Retype each line of the data below exactly, beginning with the first and ending with the one that contains "msp = doc.modelspace()". Pictures do not belong in the copy.

- DATA LISTING:
== == ==

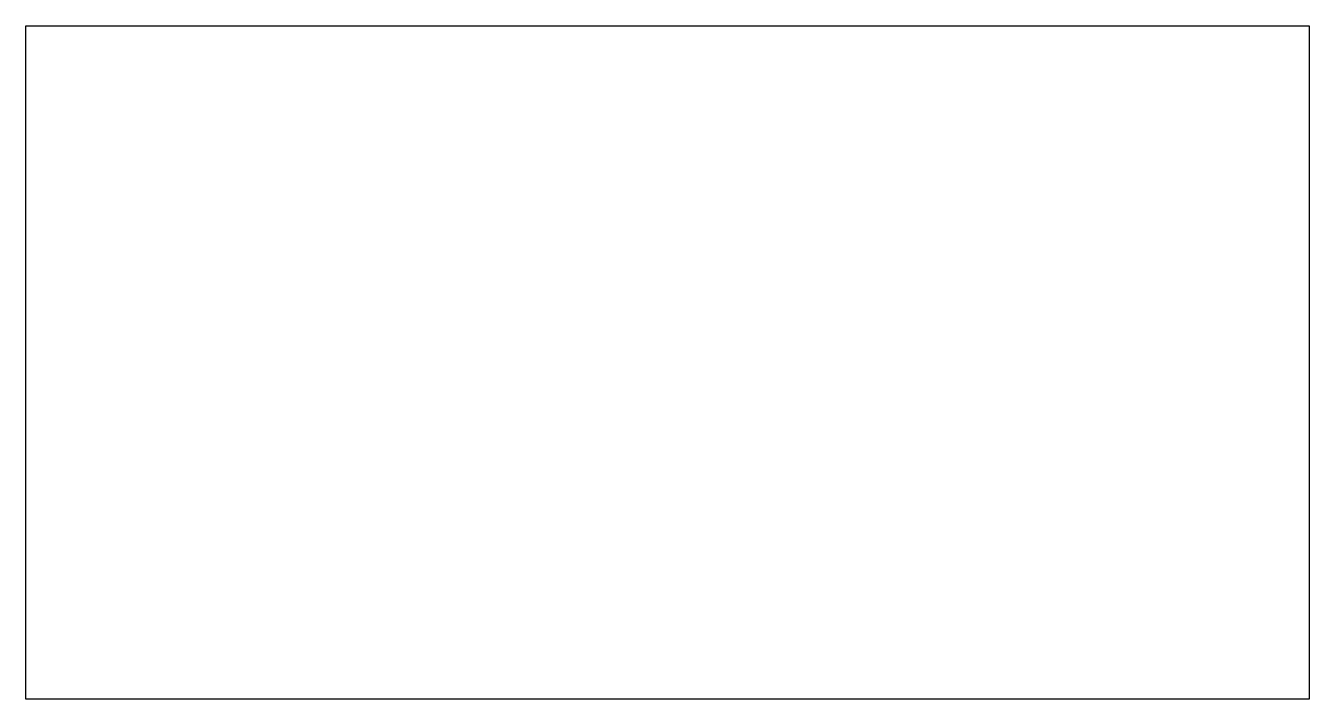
# Model space of a CAD drawing. Header units: feet. Extents: x 0 to 122, y 0 to 64.
import ezdxf

# ---------------------------------------------------------------- set-up
doc = ezdxf.new("R2010")
doc.units = ezdxf.units.FT
doc.header["$MEASUREMENT"] = 0
doc.layers.get('0').update_dxf_attribs({"color": 18, "lineweight": 25, "true_color": 0x000000})

msp = doc.modelspace()

# ---------------------------------------------------------------- linework, layer by layer
for p, q in [((0, 0), (0, 64)), ((0, 64), (122, 64)), ((122, 64), (122, 0)), ((122, 0), (0, 0)), ((0, 0), (0, 0)), ((122, 0), (122, 0))]:
    msp.add_line(p, q)

doc.saveas('drawing.dxf')

== == ==

- RESPONSE TO THIS TASK:
# Model space of a CAD drawing. Header units: feet. Extents: x 0 to 122, y 0 to 64.
import ezdxf

# ---------------------------------------------------------------- set-up
doc = ezdxf.new("R2010")
doc.units = ezdxf.units.FT
doc.header["$MEASUREMENT"] = 0
doc.layers.get('0').update_dxf_attribs({"color": 18, "lineweight": 25, "true_color": 0x000000})

msp = doc.modelspace()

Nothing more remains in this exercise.